6) STJ define que DAS mensal é o marco para prescrição no Simples Nacional
Em decisão que pacifica a contagem dos prazos para a cobrança de débitos do Simples Nacional, a Primeira Seção do STJ definiu que o marco inicial da prescrição é a entrega da declaração mensal (PGDAS-D), e não da declaração anual (DEFIS). O entendimento foi firmado no julgamento do Recurso Especial nº 1.876.175/RS e alinha o regime do Simples Nacional à jurisprudência consolidada aplicável a outros tributos.
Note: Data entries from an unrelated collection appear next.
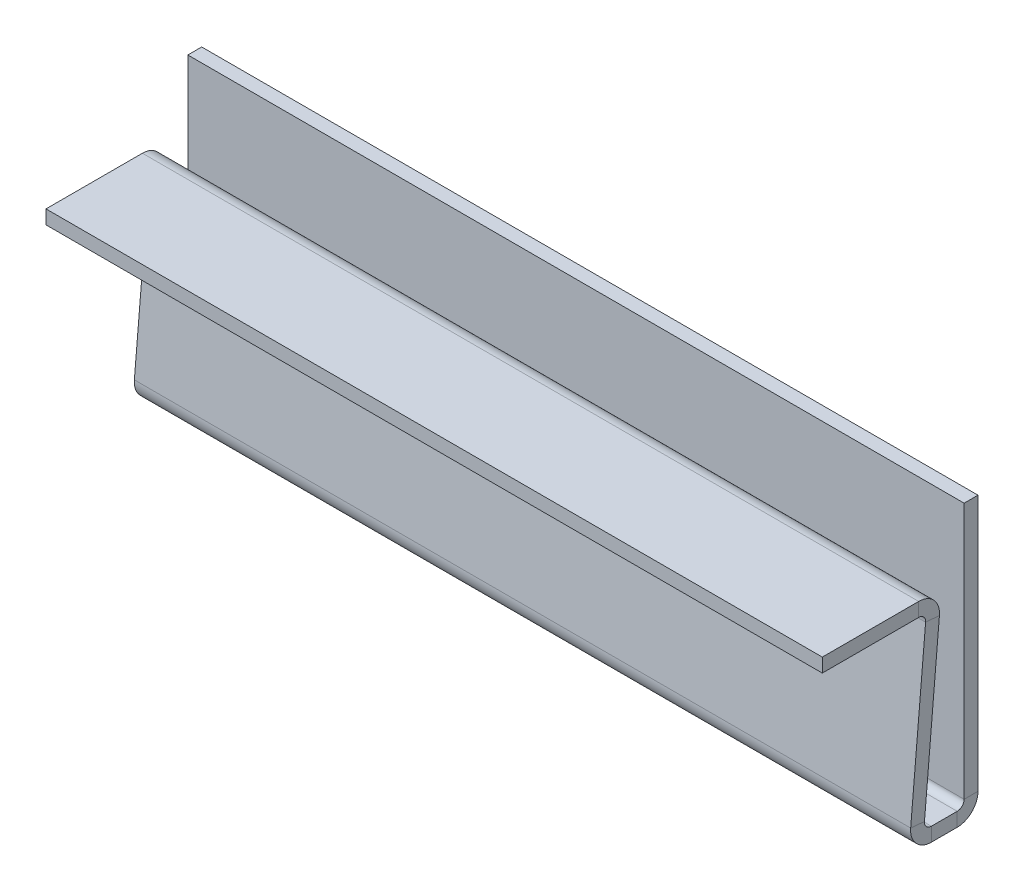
ISO-10303-21;
HEADER;
FILE_DESCRIPTION(('STEP AP214'),'2;1');
FILE_NAME('part.step','',(''),(''),'','','');
FILE_SCHEMA(('AUTOMOTIVE_DESIGN { 1 0 10303 214 1 1 1 1 }'));
ENDSEC;
DATA;
#1=APPLICATION_CONTEXT('core data for automotive mechanical design processes');
#2=APPLICATION_PROTOCOL_DEFINITION('international standard','automotive_design',2000,#1);
#3=PRODUCT_CONTEXT('',#1,'mechanical');
#4=PRODUCT('Part','Part','',(#3));
#5=PRODUCT_RELATED_PRODUCT_CATEGORY('part','',(#4));
#6=PRODUCT_DEFINITION_FORMATION('','',#4);
#7=PRODUCT_DEFINITION_CONTEXT('part definition',#1,'design');
#8=PRODUCT_DEFINITION('design','',#6,#7);
#9=PRODUCT_DEFINITION_SHAPE('','',#8);
#10=(LENGTH_UNIT() NAMED_UNIT(*) SI_UNIT(.MILLI.,.METRE.));
#11=(NAMED_UNIT(*) PLANE_ANGLE_UNIT() SI_UNIT($,.RADIAN.));
#12=(NAMED_UNIT(*) SI_UNIT($,.STERADIAN.) SOLID_ANGLE_UNIT());
#13=UNCERTAINTY_MEASURE_WITH_UNIT(LENGTH_MEASURE(1.E-05),#10,'distance_accuracy_value','');
#14=(GEOMETRIC_REPRESENTATION_CONTEXT(3) GLOBAL_UNCERTAINTY_ASSIGNED_CONTEXT((#13)) GLOBAL_UNIT_ASSIGNED_CONTEXT((#10,
#11,#12)) REPRESENTATION_CONTEXT('',''));
#15=CARTESIAN_POINT('',(0.,0.,0.));
#16=DIRECTION('',(0.,0.,1.));
#17=DIRECTION('',(1.,0.,0.));
#18=AXIS2_PLACEMENT_3D('',#15,#16,#17);
#19=CARTESIAN_POINT('',(56.,-40.,3.));
#20=DIRECTION('',(1.,0.,0.));
#21=DIRECTION('',(0.,0.,-1.));
#22=AXIS2_PLACEMENT_3D('',#19,#20,#21);
#23=PLANE('',#22);
#24=DIRECTION('',(0.,1.,0.));
#25=VECTOR('',#24,1.);
#26=CARTESIAN_POINT('',(56.,-40.,3.));
#27=LINE('',#26,#25);
#28=CARTESIAN_POINT('',(56.,-40.,3.));
#29=VERTEX_POINT('',#28);
#30=CARTESIAN_POINT('',(56.,-38.,3.));
#31=VERTEX_POINT('',#30);
#32=EDGE_CURVE('E11',#29,#31,#27,.T.);
#33=ORIENTED_EDGE('',*,*,#32,.F.);
#34=CARTESIAN_POINT('',(56.,-37.,3.));
#35=DIRECTION('',(1.,0.,0.));
#36=DIRECTION('',(0.,0.,-1.));
#37=AXIS2_PLACEMENT_3D('',#34,#35,#36);
#38=CIRCLE('',#37,3.);
#39=CARTESIAN_POINT('',(56.,-37.,0.));
#40=VERTEX_POINT('',#39);
#41=EDGE_CURVE('E307',#40,#29,#38,.F.);
#42=ORIENTED_EDGE('',*,*,#41,.F.);
#43=DIRECTION('',(0.,0.,-1.));
#44=VECTOR('',#43,1.);
#45=CARTESIAN_POINT('',(56.,-37.,2.));
#46=LINE('',#45,#44);
#47=CARTESIAN_POINT('',(56.,-37.,2.));
#48=VERTEX_POINT('',#47);
#49=EDGE_CURVE('E42',#48,#40,#46,.T.);
#50=ORIENTED_EDGE('',*,*,#49,.F.);
#51=CARTESIAN_POINT('',(56.,-37.,3.));
#52=DIRECTION('',(1.,0.,0.));
#53=DIRECTION('',(0.,0.,-1.));
#54=AXIS2_PLACEMENT_3D('',#51,#52,#53);
#55=CIRCLE('',#54,1.);
#56=EDGE_CURVE('E320',#48,#31,#55,.F.);
#57=ORIENTED_EDGE('',*,*,#56,.T.);
#58=EDGE_LOOP('',(#33,#42,#50,#57));
#59=FACE_BOUND('',#58,.T.);
#60=ADVANCED_FACE('F34',(#59),#23,.T.);
#61=CARTESIAN_POINT('',(56.,-37.,2.));
#62=DIRECTION('',(1.,0.,0.));
#63=DIRECTION('',(0.,0.,-1.));
#64=AXIS2_PLACEMENT_3D('',#61,#62,#63);
#65=PLANE('',#64);
#66=DIRECTION('',(0.,0.,1.));
#67=VECTOR('',#66,1.);
#68=CARTESIAN_POINT('',(56.,-40.,0.));
#69=LINE('',#68,#67);
#70=CARTESIAN_POINT('',(56.,-40.,6.72607449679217));
#71=VERTEX_POINT('',#70);
#72=EDGE_CURVE('E311',#29,#71,#69,.T.);
#73=ORIENTED_EDGE('',*,*,#72,.F.);
#74=ORIENTED_EDGE('',*,*,#32,.T.);
#75=DIRECTION('',(0.,0.,-1.));
#76=VECTOR('',#75,1.);
#77=CARTESIAN_POINT('',(56.,-38.,0.));
#78=LINE('',#77,#76);
#79=CARTESIAN_POINT('',(56.,-38.,6.72607449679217));
#80=VERTEX_POINT('',#79);
#81=EDGE_CURVE('E177',#31,#80,#78,.F.);
#82=ORIENTED_EDGE('',*,*,#81,.T.);
#83=DIRECTION('',(0.,-1.,0.));
#84=VECTOR('',#83,1.);
#85=CARTESIAN_POINT('',(56.,-38.,6.72607449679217));
#86=LINE('',#85,#84);
#87=EDGE_CURVE('E168',#80,#71,#86,.T.);
#88=ORIENTED_EDGE('',*,*,#87,.T.);
#89=EDGE_LOOP('',(#73,#74,#82,#88));
#90=FACE_BOUND('',#89,.T.);
#91=ADVANCED_FACE('F325',(#90),#65,.T.);
#92=CARTESIAN_POINT('',(-56.,-37.,0.));
#93=DIRECTION('',(-1.,0.,0.));
#94=DIRECTION('',(0.,0.,1.));
#95=AXIS2_PLACEMENT_3D('',#92,#93,#94);
#96=PLANE('',#95);
#97=DIRECTION('',(0.,0.,1.));
#98=VECTOR('',#97,1.);
#99=CARTESIAN_POINT('',(-56.,-37.,0.));
#100=LINE('',#99,#98);
#101=CARTESIAN_POINT('',(-56.,-37.,0.));
#102=VERTEX_POINT('',#101);
#103=CARTESIAN_POINT('',(-56.,-37.,2.));
#104=VERTEX_POINT('',#103);
#105=EDGE_CURVE('E287',#102,#104,#100,.T.);
#106=ORIENTED_EDGE('',*,*,#105,.F.);
#107=CARTESIAN_POINT('',(-56.,-37.,3.));
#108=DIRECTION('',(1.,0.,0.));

O caso envolvia execução fiscal na qual a Fazenda Nacional sustentava que o prazo prescricional de cinco anos deveria ter início com a entrega da DEFIS, ao final do ano-calendário. O contribuinte, por sua vez, defendia que o termo inicial da prescrição seria a data de entrega da declaração mensal e do respectivo Documento de Arrecadação do Simples Nacional (DAS).
Ao analisar a controvérsia, o órgão esclareceu que os tributos apurados no Simples Nacional se submetem à sistemática do lançamento por homologação. Nessa lógica, a declaração mensal apresentada no PGDAS-D já constitui definitivamente o crédito tributário, por configurar verdadeira confissão de dívida.
Assim, o prazo prescricional passa a correr no dia seguinte ao vencimento da obrigação ou à entrega da declaração, o que ocorrer por último, em conformidade com o entendimento consolidado pelo STJ no Tema 383.